▶ [WHAT YOU HAVE TO DO]:
Determine how many lines of the material hold the string "Driven" and reply with only that number.

▶ [SUPPLIED DATA]:
*** Block opens ***
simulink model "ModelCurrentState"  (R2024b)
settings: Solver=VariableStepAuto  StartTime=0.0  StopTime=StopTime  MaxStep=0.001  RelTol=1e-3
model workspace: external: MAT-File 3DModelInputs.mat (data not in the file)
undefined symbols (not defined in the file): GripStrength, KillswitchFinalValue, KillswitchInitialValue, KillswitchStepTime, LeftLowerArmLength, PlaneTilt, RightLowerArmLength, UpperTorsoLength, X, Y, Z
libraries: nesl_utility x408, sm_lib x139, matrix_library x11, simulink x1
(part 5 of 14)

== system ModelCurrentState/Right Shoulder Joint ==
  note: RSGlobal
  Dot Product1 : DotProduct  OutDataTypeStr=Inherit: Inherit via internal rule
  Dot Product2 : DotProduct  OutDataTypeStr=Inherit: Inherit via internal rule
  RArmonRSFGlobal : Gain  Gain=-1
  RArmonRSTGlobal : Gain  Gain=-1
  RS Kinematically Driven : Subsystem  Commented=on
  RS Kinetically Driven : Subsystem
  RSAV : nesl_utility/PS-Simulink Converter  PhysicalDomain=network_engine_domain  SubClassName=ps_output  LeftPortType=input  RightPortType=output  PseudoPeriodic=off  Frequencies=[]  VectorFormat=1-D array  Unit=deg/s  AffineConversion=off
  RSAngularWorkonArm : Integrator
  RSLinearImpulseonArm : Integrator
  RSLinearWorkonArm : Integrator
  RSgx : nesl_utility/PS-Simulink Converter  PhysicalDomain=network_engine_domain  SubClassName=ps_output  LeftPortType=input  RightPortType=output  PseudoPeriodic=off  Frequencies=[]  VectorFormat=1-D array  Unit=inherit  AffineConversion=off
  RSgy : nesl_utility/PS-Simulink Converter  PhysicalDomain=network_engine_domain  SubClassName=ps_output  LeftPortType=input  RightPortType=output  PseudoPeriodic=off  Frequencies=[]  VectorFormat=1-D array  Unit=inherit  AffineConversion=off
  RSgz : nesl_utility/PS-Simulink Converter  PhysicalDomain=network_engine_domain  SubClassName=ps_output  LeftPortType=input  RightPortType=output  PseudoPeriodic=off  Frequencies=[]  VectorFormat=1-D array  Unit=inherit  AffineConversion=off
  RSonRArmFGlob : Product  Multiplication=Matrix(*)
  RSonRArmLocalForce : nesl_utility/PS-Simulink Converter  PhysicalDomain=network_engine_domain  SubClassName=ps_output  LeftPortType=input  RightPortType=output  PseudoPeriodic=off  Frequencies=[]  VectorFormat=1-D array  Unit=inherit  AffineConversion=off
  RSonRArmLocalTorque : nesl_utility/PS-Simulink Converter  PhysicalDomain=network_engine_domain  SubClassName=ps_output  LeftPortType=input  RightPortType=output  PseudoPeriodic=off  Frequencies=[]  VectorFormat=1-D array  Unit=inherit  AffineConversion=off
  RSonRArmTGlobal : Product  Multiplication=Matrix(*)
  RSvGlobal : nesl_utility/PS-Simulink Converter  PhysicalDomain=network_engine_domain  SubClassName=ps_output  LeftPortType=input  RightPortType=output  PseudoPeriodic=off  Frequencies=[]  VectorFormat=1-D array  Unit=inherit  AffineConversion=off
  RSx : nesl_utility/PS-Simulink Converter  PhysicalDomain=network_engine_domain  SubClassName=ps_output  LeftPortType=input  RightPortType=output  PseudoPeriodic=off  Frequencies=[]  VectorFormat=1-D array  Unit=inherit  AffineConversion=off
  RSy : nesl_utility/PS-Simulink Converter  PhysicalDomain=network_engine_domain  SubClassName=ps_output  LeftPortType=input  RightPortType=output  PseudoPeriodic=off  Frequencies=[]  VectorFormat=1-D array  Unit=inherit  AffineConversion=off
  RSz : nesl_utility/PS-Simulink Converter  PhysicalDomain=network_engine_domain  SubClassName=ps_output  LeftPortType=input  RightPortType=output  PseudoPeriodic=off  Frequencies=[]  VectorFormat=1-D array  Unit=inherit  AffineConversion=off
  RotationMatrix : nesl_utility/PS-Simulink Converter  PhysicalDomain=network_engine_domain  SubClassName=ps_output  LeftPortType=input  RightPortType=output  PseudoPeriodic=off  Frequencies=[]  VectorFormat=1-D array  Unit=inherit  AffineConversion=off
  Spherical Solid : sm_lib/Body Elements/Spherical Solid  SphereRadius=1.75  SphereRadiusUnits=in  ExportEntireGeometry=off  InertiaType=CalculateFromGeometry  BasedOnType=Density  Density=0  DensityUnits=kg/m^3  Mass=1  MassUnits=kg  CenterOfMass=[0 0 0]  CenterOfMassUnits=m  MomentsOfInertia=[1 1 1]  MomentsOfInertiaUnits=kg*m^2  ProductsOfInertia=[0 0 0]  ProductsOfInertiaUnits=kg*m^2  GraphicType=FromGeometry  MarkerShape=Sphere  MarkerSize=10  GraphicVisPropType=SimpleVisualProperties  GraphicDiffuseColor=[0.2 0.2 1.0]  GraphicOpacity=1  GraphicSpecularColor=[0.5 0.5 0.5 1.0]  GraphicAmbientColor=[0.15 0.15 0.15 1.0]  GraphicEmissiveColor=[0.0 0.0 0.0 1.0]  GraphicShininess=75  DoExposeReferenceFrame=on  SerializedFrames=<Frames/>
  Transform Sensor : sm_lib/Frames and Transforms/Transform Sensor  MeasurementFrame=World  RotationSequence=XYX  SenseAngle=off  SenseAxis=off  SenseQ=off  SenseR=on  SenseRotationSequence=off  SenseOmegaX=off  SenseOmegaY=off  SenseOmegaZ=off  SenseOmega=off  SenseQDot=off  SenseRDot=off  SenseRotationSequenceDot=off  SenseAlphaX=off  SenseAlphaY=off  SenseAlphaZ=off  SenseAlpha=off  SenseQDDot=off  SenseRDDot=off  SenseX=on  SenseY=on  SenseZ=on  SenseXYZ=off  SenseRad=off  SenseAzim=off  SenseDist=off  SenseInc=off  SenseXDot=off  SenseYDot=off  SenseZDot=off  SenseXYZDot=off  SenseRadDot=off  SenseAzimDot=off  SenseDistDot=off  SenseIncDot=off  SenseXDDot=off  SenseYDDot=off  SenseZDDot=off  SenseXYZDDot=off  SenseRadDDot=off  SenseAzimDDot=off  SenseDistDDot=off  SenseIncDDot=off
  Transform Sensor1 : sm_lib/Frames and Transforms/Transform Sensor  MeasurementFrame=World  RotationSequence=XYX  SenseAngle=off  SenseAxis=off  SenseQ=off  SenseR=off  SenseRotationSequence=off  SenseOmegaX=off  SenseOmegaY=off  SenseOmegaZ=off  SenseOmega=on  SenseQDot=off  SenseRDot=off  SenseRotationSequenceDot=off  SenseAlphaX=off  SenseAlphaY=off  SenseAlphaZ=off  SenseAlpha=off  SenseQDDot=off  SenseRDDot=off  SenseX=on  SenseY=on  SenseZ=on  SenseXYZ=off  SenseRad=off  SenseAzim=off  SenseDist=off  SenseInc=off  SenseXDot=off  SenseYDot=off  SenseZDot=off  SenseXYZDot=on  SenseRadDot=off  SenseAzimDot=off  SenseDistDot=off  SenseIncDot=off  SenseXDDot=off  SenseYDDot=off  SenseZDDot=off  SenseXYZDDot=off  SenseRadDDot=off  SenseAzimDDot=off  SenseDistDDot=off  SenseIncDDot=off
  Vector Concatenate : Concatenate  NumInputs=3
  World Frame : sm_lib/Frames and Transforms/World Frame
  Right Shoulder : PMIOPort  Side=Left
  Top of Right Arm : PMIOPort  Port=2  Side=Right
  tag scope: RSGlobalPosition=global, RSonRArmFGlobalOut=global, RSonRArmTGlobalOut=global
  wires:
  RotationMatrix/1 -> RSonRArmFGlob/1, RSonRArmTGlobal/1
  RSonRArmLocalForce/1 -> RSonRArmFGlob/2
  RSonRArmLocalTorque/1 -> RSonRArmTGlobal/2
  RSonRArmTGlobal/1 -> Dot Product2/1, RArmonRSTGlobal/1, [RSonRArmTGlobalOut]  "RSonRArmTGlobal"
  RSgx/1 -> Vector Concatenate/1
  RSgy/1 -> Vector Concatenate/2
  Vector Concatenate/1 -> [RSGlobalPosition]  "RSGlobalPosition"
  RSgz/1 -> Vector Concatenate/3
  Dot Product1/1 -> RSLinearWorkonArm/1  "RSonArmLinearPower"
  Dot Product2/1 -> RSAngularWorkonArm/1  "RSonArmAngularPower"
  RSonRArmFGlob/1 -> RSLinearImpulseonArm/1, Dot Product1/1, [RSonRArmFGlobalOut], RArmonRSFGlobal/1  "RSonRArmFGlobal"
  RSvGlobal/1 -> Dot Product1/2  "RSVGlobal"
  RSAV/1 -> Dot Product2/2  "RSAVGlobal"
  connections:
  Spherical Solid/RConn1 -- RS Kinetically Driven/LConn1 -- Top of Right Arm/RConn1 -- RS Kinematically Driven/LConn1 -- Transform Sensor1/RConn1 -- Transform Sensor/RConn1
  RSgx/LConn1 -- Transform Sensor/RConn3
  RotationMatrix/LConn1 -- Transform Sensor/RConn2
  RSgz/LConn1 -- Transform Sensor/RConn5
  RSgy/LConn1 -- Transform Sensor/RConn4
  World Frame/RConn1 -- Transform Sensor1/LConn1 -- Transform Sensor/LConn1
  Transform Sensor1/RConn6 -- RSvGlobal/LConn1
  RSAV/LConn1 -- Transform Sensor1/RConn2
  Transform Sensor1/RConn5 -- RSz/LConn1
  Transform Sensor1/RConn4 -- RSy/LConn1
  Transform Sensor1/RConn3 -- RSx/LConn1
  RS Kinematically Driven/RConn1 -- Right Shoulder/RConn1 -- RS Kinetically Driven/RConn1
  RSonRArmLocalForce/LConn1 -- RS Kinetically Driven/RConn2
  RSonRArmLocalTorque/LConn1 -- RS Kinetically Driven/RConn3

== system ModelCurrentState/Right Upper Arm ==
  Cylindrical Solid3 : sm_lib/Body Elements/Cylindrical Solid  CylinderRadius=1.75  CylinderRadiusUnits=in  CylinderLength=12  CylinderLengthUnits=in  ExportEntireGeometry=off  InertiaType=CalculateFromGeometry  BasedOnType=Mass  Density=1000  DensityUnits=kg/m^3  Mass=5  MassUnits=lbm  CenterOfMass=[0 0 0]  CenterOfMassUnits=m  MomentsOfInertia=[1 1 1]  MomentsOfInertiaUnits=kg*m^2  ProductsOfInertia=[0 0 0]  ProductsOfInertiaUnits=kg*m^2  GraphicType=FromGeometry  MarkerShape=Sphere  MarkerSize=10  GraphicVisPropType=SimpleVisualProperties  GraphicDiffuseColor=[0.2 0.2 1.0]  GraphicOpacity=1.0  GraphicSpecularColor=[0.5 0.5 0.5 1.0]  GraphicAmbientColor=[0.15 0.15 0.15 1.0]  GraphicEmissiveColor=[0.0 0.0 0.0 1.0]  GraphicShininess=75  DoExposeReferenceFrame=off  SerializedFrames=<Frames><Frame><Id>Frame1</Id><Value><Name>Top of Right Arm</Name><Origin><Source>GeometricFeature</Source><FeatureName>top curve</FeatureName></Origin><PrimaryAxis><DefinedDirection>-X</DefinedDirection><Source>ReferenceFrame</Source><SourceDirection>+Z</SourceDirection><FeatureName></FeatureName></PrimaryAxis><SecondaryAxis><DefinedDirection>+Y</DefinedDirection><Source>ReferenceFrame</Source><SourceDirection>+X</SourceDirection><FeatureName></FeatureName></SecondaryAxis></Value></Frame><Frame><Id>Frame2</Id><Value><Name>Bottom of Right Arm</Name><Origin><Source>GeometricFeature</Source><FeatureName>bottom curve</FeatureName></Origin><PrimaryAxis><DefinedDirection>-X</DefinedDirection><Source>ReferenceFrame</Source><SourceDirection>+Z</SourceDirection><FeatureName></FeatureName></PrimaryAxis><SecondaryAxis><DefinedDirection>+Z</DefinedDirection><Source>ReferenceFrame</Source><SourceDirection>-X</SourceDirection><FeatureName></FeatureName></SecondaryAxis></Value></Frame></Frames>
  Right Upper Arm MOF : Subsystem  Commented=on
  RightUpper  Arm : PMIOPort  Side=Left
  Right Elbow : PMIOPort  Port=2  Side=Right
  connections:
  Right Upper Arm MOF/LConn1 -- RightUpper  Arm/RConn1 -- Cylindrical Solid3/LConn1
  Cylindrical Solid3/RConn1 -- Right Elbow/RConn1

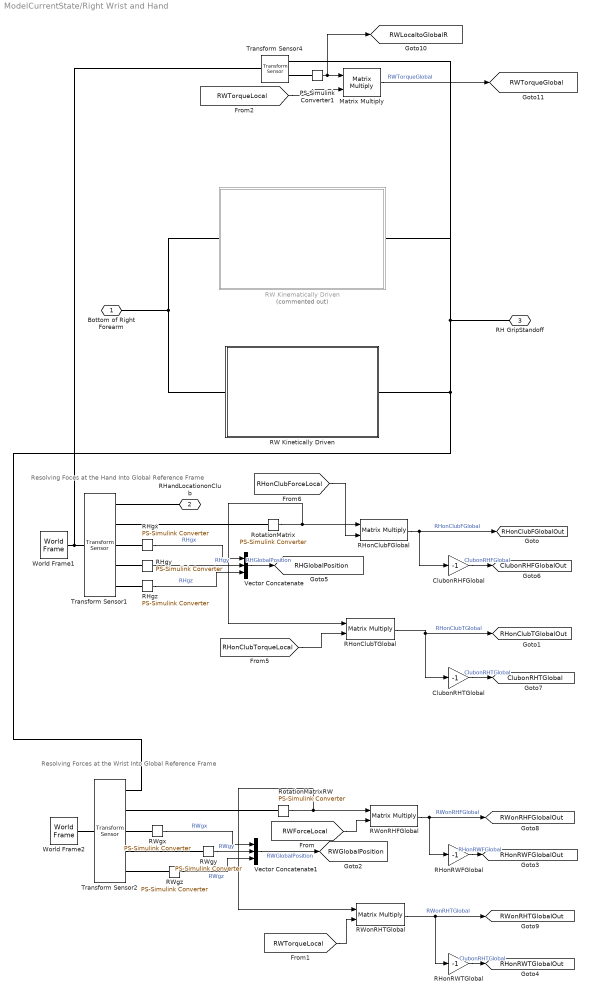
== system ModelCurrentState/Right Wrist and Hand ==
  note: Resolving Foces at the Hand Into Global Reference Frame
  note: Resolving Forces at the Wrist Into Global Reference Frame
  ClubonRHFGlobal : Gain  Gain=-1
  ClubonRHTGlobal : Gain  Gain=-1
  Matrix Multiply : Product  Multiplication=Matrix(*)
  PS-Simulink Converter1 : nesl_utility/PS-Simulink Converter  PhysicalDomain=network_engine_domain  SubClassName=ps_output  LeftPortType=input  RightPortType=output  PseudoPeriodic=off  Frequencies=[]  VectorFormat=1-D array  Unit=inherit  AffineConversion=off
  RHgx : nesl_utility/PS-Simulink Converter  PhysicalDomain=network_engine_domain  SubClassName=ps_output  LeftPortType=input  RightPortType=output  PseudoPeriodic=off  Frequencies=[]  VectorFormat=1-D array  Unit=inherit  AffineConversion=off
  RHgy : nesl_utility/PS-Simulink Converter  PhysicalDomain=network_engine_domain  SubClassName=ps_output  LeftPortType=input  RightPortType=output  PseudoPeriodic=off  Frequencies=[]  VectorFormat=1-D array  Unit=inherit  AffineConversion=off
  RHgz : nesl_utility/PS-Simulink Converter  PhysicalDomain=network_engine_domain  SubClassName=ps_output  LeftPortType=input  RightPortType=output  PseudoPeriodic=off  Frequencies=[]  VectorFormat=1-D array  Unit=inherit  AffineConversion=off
*** Block closes ***
▶ [TASK SOLUTION]:
6